START The records
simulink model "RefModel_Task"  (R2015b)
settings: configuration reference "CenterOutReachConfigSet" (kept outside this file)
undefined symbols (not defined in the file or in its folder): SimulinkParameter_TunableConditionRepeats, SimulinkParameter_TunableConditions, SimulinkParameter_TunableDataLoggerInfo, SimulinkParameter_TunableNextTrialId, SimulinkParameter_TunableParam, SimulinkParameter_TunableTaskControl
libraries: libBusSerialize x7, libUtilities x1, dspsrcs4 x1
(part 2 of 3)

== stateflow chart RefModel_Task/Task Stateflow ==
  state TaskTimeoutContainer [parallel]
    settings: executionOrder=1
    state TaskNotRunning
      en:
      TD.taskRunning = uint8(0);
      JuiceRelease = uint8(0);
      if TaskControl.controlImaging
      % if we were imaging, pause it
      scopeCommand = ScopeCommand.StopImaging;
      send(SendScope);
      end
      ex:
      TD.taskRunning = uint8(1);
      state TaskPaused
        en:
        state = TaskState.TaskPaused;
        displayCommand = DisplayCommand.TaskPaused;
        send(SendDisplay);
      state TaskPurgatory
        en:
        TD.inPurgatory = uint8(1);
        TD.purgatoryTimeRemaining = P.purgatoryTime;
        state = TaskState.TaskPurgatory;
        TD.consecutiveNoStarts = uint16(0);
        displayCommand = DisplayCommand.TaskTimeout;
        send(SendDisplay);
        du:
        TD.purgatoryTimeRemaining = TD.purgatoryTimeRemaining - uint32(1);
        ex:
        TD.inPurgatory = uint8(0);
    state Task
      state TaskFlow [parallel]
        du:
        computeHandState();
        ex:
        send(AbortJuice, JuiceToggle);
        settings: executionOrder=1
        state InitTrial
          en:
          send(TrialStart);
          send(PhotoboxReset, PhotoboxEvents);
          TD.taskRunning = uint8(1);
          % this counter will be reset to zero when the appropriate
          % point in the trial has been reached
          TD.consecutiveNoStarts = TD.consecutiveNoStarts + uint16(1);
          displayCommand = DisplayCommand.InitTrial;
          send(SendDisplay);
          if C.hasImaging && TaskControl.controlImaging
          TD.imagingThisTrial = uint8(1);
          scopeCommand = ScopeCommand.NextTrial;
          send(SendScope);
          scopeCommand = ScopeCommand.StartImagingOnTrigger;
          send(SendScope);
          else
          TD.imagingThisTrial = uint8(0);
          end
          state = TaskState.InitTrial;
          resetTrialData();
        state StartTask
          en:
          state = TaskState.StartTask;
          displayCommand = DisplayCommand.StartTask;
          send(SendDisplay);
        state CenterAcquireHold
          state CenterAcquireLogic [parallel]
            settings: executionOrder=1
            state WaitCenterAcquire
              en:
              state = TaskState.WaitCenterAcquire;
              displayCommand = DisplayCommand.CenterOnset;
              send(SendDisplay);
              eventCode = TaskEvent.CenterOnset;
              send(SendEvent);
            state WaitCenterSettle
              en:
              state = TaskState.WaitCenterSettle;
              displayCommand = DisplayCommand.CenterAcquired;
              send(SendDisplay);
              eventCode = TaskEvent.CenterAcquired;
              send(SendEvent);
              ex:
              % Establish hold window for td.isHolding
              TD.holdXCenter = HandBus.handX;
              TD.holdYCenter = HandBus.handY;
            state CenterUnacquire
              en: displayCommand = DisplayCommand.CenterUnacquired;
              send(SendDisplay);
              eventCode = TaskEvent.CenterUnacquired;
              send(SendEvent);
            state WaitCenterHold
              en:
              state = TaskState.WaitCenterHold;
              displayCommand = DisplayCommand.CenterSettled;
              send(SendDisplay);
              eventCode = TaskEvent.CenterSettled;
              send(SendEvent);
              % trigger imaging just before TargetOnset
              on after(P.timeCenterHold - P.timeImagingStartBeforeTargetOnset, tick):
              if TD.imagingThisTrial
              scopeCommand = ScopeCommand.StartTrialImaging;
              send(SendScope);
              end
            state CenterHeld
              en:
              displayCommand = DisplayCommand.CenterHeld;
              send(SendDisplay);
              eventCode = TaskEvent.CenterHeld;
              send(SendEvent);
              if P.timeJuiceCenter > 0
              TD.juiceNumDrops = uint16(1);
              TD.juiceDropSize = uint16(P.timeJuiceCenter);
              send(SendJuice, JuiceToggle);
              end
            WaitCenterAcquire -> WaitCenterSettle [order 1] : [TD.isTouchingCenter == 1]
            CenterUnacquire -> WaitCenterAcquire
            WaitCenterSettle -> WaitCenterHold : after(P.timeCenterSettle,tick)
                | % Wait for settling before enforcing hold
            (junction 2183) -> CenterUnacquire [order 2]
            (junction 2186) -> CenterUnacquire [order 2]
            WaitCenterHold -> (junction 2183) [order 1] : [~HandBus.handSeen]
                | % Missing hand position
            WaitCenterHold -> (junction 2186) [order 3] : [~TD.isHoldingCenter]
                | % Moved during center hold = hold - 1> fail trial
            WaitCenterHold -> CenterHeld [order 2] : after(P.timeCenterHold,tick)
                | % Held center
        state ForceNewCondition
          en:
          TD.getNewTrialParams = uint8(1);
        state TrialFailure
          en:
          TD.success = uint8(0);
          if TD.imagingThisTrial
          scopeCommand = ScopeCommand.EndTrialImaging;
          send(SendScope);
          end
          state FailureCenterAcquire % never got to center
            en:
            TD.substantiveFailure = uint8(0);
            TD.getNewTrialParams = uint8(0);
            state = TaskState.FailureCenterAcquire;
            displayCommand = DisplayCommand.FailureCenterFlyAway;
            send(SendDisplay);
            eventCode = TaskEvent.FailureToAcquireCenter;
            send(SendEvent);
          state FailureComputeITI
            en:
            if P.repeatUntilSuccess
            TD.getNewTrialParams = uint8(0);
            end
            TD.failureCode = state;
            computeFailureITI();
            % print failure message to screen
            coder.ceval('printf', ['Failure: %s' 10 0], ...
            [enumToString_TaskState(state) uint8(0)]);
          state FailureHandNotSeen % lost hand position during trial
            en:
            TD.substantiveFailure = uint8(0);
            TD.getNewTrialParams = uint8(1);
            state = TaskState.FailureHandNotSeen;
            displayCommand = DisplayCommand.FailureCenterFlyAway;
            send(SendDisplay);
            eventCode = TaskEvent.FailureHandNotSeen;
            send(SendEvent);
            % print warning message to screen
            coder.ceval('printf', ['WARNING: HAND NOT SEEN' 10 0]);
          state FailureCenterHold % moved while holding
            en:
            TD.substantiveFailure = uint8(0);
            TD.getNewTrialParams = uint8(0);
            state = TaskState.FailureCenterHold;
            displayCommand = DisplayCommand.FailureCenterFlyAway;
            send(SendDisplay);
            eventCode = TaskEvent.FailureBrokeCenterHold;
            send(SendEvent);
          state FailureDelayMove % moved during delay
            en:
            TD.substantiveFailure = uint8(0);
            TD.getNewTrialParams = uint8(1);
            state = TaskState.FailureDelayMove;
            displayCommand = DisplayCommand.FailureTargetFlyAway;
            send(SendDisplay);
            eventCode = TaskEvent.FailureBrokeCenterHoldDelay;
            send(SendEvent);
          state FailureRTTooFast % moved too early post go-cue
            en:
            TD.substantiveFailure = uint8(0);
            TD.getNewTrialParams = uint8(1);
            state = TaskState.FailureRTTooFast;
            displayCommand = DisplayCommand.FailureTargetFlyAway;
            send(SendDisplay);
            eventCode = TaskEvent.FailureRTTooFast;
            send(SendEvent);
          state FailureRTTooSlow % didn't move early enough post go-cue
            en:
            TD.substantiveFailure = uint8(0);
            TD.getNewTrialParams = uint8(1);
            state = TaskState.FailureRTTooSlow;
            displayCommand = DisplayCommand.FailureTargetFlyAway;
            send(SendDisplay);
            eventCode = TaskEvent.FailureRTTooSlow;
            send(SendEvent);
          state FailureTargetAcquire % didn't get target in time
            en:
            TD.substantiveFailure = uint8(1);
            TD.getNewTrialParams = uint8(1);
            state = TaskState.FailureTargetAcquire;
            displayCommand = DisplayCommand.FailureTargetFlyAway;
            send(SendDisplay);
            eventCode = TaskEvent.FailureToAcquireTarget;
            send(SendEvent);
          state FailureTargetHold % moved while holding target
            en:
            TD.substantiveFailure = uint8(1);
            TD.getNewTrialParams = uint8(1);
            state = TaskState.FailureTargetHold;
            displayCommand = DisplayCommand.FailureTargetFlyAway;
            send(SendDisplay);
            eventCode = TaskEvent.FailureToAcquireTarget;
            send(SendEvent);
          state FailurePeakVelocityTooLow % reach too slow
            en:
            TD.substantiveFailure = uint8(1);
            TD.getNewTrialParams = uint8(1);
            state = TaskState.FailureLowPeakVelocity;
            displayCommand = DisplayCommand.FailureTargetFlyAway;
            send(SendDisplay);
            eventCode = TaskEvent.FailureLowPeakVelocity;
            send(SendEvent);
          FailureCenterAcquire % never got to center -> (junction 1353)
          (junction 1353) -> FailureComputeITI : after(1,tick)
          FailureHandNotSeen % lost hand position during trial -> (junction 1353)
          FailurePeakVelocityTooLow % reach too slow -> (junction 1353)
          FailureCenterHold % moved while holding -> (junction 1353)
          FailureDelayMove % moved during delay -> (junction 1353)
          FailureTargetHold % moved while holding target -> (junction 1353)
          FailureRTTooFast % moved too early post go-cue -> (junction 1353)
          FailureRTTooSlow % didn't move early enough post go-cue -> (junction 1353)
END The records
● **Aim of the task**
Check all the records above and select each line where the string "FailurePeakVelocityTooLow" is found.

● **Task solution**
          state FailurePeakVelocityTooLow % reach too slow
          FailurePeakVelocityTooLow % reach too slow -> (junction 1353)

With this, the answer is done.